Phelps v. Pratt

80 N.E. 69, 225 Ill. 85
CourtIllinois Supreme Court
DecidedDecember 22, 1906
StatusPublished
Cited by9 cases

This text of 80 N.E. 69 (Phelps v. Pratt) is published on Counsel Stack Legal Research, covering Illinois Supreme Court primary law. Counsel Stack provides free access to over 12 million legal documents including statutes, case law, regulations, and constitutions.

Bluebook
Phelps v. Pratt, 80 N.E. 69, 225 Ill. 85 (Ill. 1906).

Opinion

Mr. Justice Farmer

delivered the opinion of the court:

It appears from the evidence that in October, 1903, Lorenzo Pratt, then seventy-seven years of age, having been advised by his physician that he had not long to live, signed and acknowledged two deeds, in each of which his three children were the grantees of certain property of considerable value in Cook county, including a large number of lots in Morgan Park, about twenty-five acres of unimproved property, and an apartment building in Chicago. These deeds were handed by appellee to his son Rodney K. Pratt, one on October 22, 1903, and the other on October 28, 1903. Appellee testified that when he handed the first deed to Rodney he said: “You understand this is not to go on record; you take it to my office and put it in the desk with my papers; if I should live I shall destroy it, but if I should die you can then take it and put it on record; the deed itself shows how I want to distribute the property.” He testifies that he said substantially the same when he handed Rodney the second deed.
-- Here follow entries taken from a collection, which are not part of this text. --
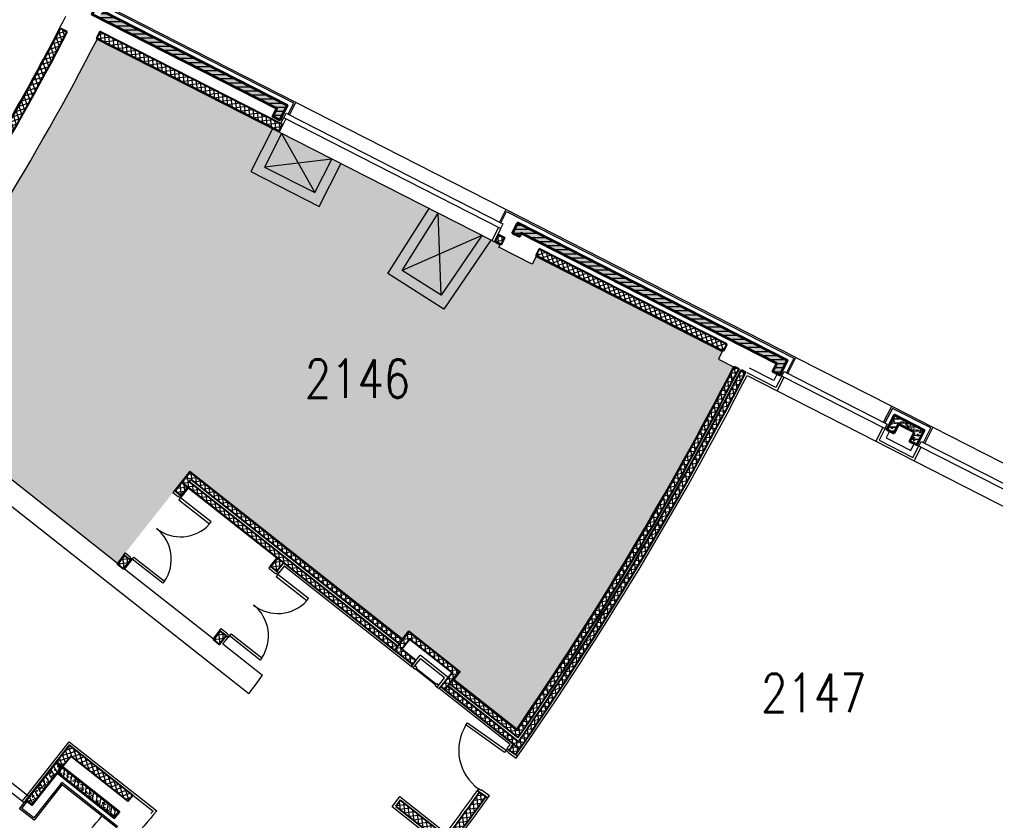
# Model space of a CAD drawing. Header units: inches. Extents: x 342932 to 557958, y 80625 to 242727.
# Drawn here: x 461253 to 480297, y 130834 to 146452 of the extents above; entities that cross this region are included whole.
import ezdxf
from ezdxf.enums import TextEntityAlignment as Align

# ---------------------------------------------------------------- set-up
doc = ezdxf.new("R2010")
doc.units = ezdxf.units.IN
doc.header["$MEASUREMENT"] = 0
for name, color, linetype, lineweight in [('0-Services', 8, 'Continuous', 20), ('First Floor$0$A-G250-G-Walls-Low-Level', 251, 'Continuous', 15), ('First Floor$0$A-G250-G-Walls-Precast-Concrete', 251, 'Continuous', 35), ('First Floor$0$A-G250-M-Walls-Blockwork', 7, 'Continuous', 25), ('First Floor$0$A-G250-M-Walls-Louvred', 251, 'Continuous', 9), ('First Floor$0$A-G252-H-Internal-Walls', 251, 'Continuous', 9), ('First Floor$0$A-G262-H-Precast-Panel', 251, 'Continuous', 5), ('First Floor$0$A-G312-M-Metal-Cladding', 251, 'Continuous', 9), ('First Floor$0$A-G312-M-Wall-Cladding-Panel', 7, 'Continuous', 9), ('First Floor$0$A-G312-M-Wall-Finish-Plaster', 7, 'Continuous', 15), ('First Floor$0$A-G321-M-Window', 251, 'Continuous', 9), ('First Floor$0$A-G322-M-Door', 251, 'Continuous', 15), ('First Floor$0$A-G52-M-Cutout', 251, 'Continuous', 9), ('First Floor$0$A-G572-Fire-Hose-Cabinet', 251, 'Continuous', 15), ('First Floor$0$Z-Z001-S-Room-Name-Identification-250', 7, 'Continuous', 15)]:
    doc.layers.add(name, color=color, linetype=linetype, lineweight=lineweight)
doc.styles.add('First Floor$0$Tag-RomanS', font='romans.shx', dxfattribs={"width": 0.8})
pattern_1 = [(18, (361382.11, 239676.52), (-24.528224, 75.49011), []), (108, (361382.11, 239676.52), (-75.49011, -24.528224), [])]
pattern_2 = [(50, (361382.11, 239676.52), (182.18467, -15.93909), [19.05, -209.55]), (355, (361382.11, 239676.52), (-35.24283, 191.05664), [15.24, -167.64]), (100.451, (361397.3, 239675.2), (146.9425, 175.11669), [16.19, -178.09]), (46.1842, (361382.11, 239727.32), (271.07904, -42.04233), [28.575, -314.325]), (96.6356, (361404.7, 239723.82), (237.40423, 247.42556), [24.285, -267.135]), (351.184, (361382.1, 239727.32), (237.4046, 247.4251), [22.86, -251.46]), (21, (361407.51, 239714.62), (151.61488, -102.26552), [19.05, -209.55]), (326, (361407.51, 239714.62), (61.80203, 184.18797), [15.24, -167.64]), (71.4514, (361420.15, 239706.1), (213.4165, 81.92286), [16.19, -178.09]), (37.5, (361382.114, 239676.52), (3.088603, 84.55504), [0, -165.608, 0, -170.18, 0, -168.275]), (7.5, (361382.11, 239676.52), (66.81966, 100.180575), [0, -97.028, 0, -161.798, 0, -64.135]), (327.5, (361325.47, 239676.52), (135.590595, -5.728744), [0, -63.5, 0, -198.12, 0, -262.89]), (317.5, (361300.07, 239676.52), (148.12918, 25.42649), [0, -82.55, 0, -131.572, 0, -186.69])]
pattern_3 = [(0, (361382.11, 239676.52), (2e-14, 79.375), [])]
pattern_4 = [(7, (361382.11, 239676.52), (-9.67338, 78.78335), []), (97, (361382.11, 239676.52), (-78.78335, -9.67338), [])]
pattern_5 = [(186.748667, (361382.11, 239676.52), (9.327697, -78.825026), []), (276.748667, (361382.11, 239676.52), (78.825026, 9.327697), [])]

# ---------------------------------------------------------------- blocks, each defined once
blk = doc.blocks.new('First Floor$0$F-FHC')
at = {"ltscale": 0.2}
for p, q in [((700, 280), (0, 280)), ((0, 0), (0, 280)), ((650, 230), (50, 230)), ((50, 0), (50, 230)), ((650, 0), (650, 230)), ((700, 0), (700, 280)), ((50, 0), (0, 0)), ((100, 50), (50, 50)), ((50, 0), (50, 50)), ((100, 0), (50, 0)), ((100, 50), (100, 0)), ((100, 35), (600, 35)), ((100, 15), (600, 15)), ((600, 0), (600, 50)), ((600, 50), (650, 50)), ((600, 0), (650, 0)), ((650, 0), (650, 50)), ((650, 0), (700, 0))]:
    blk.add_line(p, q, dxfattribs=at)
blk = doc.blocks.new('First Floor$0$Plant Room Door 1600-215')
at = {"layer": 'First Floor$0$A-G322-M-Door'}
for points in [[(-1562, 977), (-1612, 977), (-1612, 215), (-1562, 215), (-1562, 977)], [(-138, 977), (-88, 977), (-88, 215), (-138, 215), (-138, 977)], [(-100, 165), (-88, 165), (-88, 215), (-50, 215), (-50, 0), (-100, 0)]]:
    blk.add_lwpolyline(points, close=True, dxfattribs=at)
at = {"layer": 'First Floor$0$A-G322-M-Door', "elevation": 0}
blk.add_lwpolyline([(-1600, 165), (-1612, 165), (-1612, 215), (-1650, 215), (-1650, 0), (-1600, 0)], close=True, dxfattribs=at)
at = {"layer": 'First Floor$0$A-G322-M-Door'}
for centre, start, end in [((-1615, 214), 0.0901, 86.0243), ((-85, 214), 93.9757, 179.9099)]:
    blk.add_arc(centre, 765, start, end, dxfattribs=at)
blk = doc.blocks.new('First Floor$0$Plant Room Door 1600-180')
at = {"layer": 'First Floor$0$A-G322-M-Door'}
for points in [[(-1562, 180), (-1562, 942), (-1612, 942), (-1612, 180)], [(-138, 180), (-138, 942), (-88, 942), (-88, 180)], [(-1600, 130), (-1612, 130), (-1612, 180), (-1650, 180), (-1650, 0), (-1600, 0)], [(-100, 130), (-88, 130), (-88, 180), (-50, 180), (-50, 0), (-100, 0)]]:
    blk.add_lwpolyline(points, close=True, dxfattribs=at)
for centre, start, end in [((-1615, 179), 0.0901, 86.0243), ((-85, 179), 93.9757, 179.9099)]:
    blk.add_arc(centre, 765, start, end, dxfattribs=at)
blk = doc.blocks.new('First Floor$0$tag-roomname')
at = {"lineweight": 18, "ltscale": 0.01, "style": 'First Floor$0$Tag-RomanS', "width": 0.8}
blk.add_attdef('ROOM_NO_2', text='', height=3, dxfattribs=at).set_placement((0, 1.612), align=Align.MIDDLE_CENTER)
at = {"linetype": 'ByBlock', "lineweight": 15, "ltscale": 0.01, "style": 'First Floor$0$Tag-RomanS', "width": 0.8, "flags": 1}
for tag, p in [('ROOM_NAME_1', (0, -2.288)), ('ROOM_NAME_2', (0, -5.744))]:
    blk.add_attdef(tag, text='', height=2.5, dxfattribs=at).set_placement(p, align=Align.MIDDLE_CENTER)

msp = doc.modelspace()

# ---------------------------------------------------------------- hatches: boundary and pattern name
at = {"layer": '0-Services', "lineweight": 35}
h = msp.add_hatch(dxfattribs=at)
h.set_pattern_fill('ANGLE', color=256)
h.set_pattern_definition([(0, (354539.678, 239632.636), (0, 6.985), [5.08, -1.905]), (90, (354539.678, 239632.636), (-6.985, 4e-16), [5.08, -1.905])])
h.paths.add_polyline_path([(498397.1, 173911.5), (509767.1, 173911.5), (509767.1, 152630.2), (501325.3, 154298.3), (501391.3, 154631.8), (500871.3, 154734.6), (500812.5, 154436.8), (500677.1, 154463.5), (500677.1, 161127.9), (500877.1, 161127.9), (500877.1, 162407.9), (500677.1, 162407.9), (500677.1, 163416.5), (498347.1, 163416.5), (498347.1, 165561.5), (498597.1, 165561.5), (498597.1, 166091.5), (498347.1, 166091.5), (498347.1, 168736.5), (498597.1, 168736.5), (498597.1, 169266.5), (498347.1, 169266.5)])
h.paths.add_polyline_path([(458656.4, 139407.5), (459323.2, 140343), (459886.5, 141169.9), (460906.6, 142792.6), (461834.7, 144338.9), (462502.9, 145560.5), (462766.6, 146065.5), (470451.3, 142149.9), (470630.1, 142058.8), (470607.4, 142014.2), (471257.8, 141682.8), (471332.7, 141829.8), (474965.3, 139978.9), (474890.4, 139831.9), (475183.7, 139682.4), (474629.6, 138629.8), (473862.1, 137245), (472928.3, 135660.9), (472145.7, 134408.1), (471462.5, 133364.2), (470954.6, 132615.7), (469729.5, 133581.5), (469853.3, 133738.5), (468848.1, 134531), (468724.3, 134373.9), (464574.6, 137645.3), (463163, 135854.8)])
at = {"layer": 'First Floor$0$A-G252-H-Internal-Walls'}
h = msp.add_hatch(dxfattribs=at)
h.set_pattern_fill('ANSI37', color=256, scale=25, angle=333, style=0)
h.set_pattern_definition(pattern_1)
h.paths.add_polyline_path([(462184.4, 146210.5), (462050.8, 146278.6, -0.0362886), (458276.1, 140133.2), (458397.3, 140044.8, 0.0362992)])
h = msp.add_hatch(dxfattribs=at)
h.set_pattern_fill('ANSI37', color=256, scale=25, angle=322, style=0)
h.set_pattern_definition(pattern_4)
h.paths.add_polyline_path([(462828.5, 146219.1), (462760.1, 146085.6), (466310.3, 144276.7), (466378.4, 144410.3)])
h = msp.add_hatch(dxfattribs=at)
h.set_pattern_fill('ANSI37', color=256, scale=25, angle=141.74867, style=0)
h.set_pattern_definition([(186.748667, (361382.11, 239676.52), (9.327697, -78.825026), []), (276.748667, (361382.11, 239676.52), (78.825026, 9.327697), [])])
h.paths.add_polyline_path([(470601.7, 142258.4), (470533.6, 142124.8), (470650.3, 142065.3), (470718.4, 142199)])
h = msp.add_hatch(dxfattribs=at)
h.set_pattern_fill('ANSI37', color=256, scale=25, angle=333, style=0)
h.set_pattern_definition([(18, (369898.21, 235337.35), (-24.528224, 75.49011), []), (108, (369898.21, 235337.35), (-75.49011, -24.528224), [])])
h.paths.add_polyline_path([(471396.8, 141982.4), (471328.7, 141848.7), (474985.5, 139985.5), (475053.6, 140119.1)])
h = msp.add_hatch(dxfattribs=at)
h.set_pattern_fill('ANSI37', color=256, scale=25, angle=141.74867, style=0)
h.set_pattern_definition(pattern_5)
h.paths.add_polyline_path([(475426.7, 139575.5), (475337.6, 139620.9, -0.0327222), (470990.4, 132377.3), (469615.6, 133461.2), (469553.7, 133382.6), (471012, 132233, 0.033135)])
h = msp.add_hatch(dxfattribs=at)
h.set_pattern_fill('ANSI37', color=256, scale=25, angle=141.74867, style=0)
h.set_pattern_definition(pattern_5)
h.paths.add_polyline_path([(475293.1, 139643.6), (475204, 139689, -0.0321005), (470957.8, 132594), (469708.4, 133579), (469646.5, 133500.4), (470979.6, 132449.5, 0.0325153)])
h = msp.add_hatch(dxfattribs=at)
h.set_pattern_fill('ANSI37', color=256, scale=25, angle=322, style=0)
h.set_pattern_definition(pattern_4)
h.paths.add_polyline_path([(464577.1, 137624.2), (464422.3, 137427.9), (468572, 134156.5), (468633.9, 134235), (464562.7, 137444.5), (464593.7, 137483.8), (468664.9, 134274.3), (468726.8, 134352.8)])
h = msp.add_hatch(dxfattribs=at)
h.set_pattern_fill('ANSI37', color=256, scale=25, angle=322, style=0)
h.set_pattern_definition([(7, (361379.02, 239672.595), (-9.67338, 78.78335), []), (97, (361379.02, 239672.595), (-78.78335, -9.67338), [])])
h.paths.add_polyline_path([(464537, 137331.1), (464419.2, 137424), (464289.2, 137259), (464407, 137166.2)])
h = msp.add_hatch(dxfattribs=at)
h.set_pattern_fill('ANSI37', color=256, scale=25, angle=322, style=0)
h.set_pattern_definition([(7, (359508.87, 241146.9), (-9.67338, 78.78335), []), (97, (359508.87, 241146.9), (-78.78335, -9.67338), [])])
h.paths.add_polyline_path([(463165.5, 135833.7), (463283.3, 135740.8), (463416.4, 135909.7), (463298.6, 136002.5)])
h = msp.add_hatch(dxfattribs=at)
h.set_pattern_fill('ANSI37', color=256, scale=25, angle=322, style=0)
h.set_pattern_definition([(7, (361378.23, 239673.214), (-9.67338, 78.78335), []), (97, (361378.23, 239673.214), (-78.78335, -9.67338), [])])
h.paths.add_polyline_path([(466158.5, 135785.4), (466276.3, 135692.5), (466409.5, 135861.3), (466291.7, 135954.2)])
h = msp.add_hatch(dxfattribs=at)
h.set_pattern_fill('ANSI37', color=256, scale=25, angle=322, style=0)
h.set_pattern_definition([(7, (361378.23, 239673.214), (-9.67338, 78.78335), []), (97, (361378.23, 239673.214), (-78.78335, -9.67338), [])])
h.paths.add_polyline_path([(465034.9, 134360), (465152.7, 134267.1), (465285.8, 134436), (465168, 134528.8)])
h = msp.add_hatch(dxfattribs=at)
h.set_pattern_fill('ANSI37', color=256, scale=25, angle=141.74867, style=0)
h.set_pattern_definition([(276.74867, (457342.33, 125428.365), (-78.82503, -9.3277), []), (186.74867, (457342.33, 125428.365), (-9.3277, 78.82503), [])])
h.paths.add_polyline_path([(469553.6, 133382.6), (469475.1, 133444.5), (469639.2, 133652.6), (469639.2, 133652.6), (469691.8, 133719.4), (468867.2, 134369.5), (468712.5, 134173.1), (468987.3, 133956.4), (468925.4, 133877.9), (468572, 134156.5), (468664.9, 134274.3), (468664.9, 134274.3), (468850.6, 134509.9), (469832.2, 133736)])
h = msp.add_hatch(dxfattribs=at)
h.set_pattern_fill('ANSI37', color=256, scale=25, angle=333, style=0)
h.set_pattern_definition(pattern_1)
h.paths.add_polyline_path([(463369.1, 131209.6), (463465.5, 131324.6), (462228.1, 132300.1), (461968.2, 131970.6), (462086, 131877.7), (462253, 132089.4)])
h = msp.add_hatch(dxfattribs=at)
h.set_pattern_fill('ANSI37', color=256, scale=25, angle=141.74867, style=0)
h.set_pattern_definition(pattern_5)
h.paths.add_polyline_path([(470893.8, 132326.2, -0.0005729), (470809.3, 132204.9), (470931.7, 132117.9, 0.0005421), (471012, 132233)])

Rodney and the attorney, Mr. Schoenfeld, who took ■the acknowledgment of both deeds, testified to the same thing. The testimony is all to the effect- that appellee made the deeds because he felt that he had but a short time to live and wanted to' dispose of his property so that at his death his children could handle it without embarrassment; that he did not wish it to go through the probate court and be tied up for two years. He testifies that he told his children Clayton and Bessie that he expected to retain control of the property and the deeds were not to be recorded until after his death. Rodney testifies that he had something of the same talk with his brother and sister. Both Clayton and Bessie admit that their father said that he deeded it to them to escape the expense and delay of probate, but they deny that either their father or brother said anything about the deeds being conditional upon the death of the father. If appellee’s testimony as to what was said by him when he gave the deeds to Rodney and as to his talks with his daughter and son Clayton as to the deeds being conditional be correct, then there can be no doubt that in the first instance there was no valid delivery of either deed. Rodney disobeyed'the alleged injunction of his father not to record the deeds, and filed each deed for record the very day it was handed to him.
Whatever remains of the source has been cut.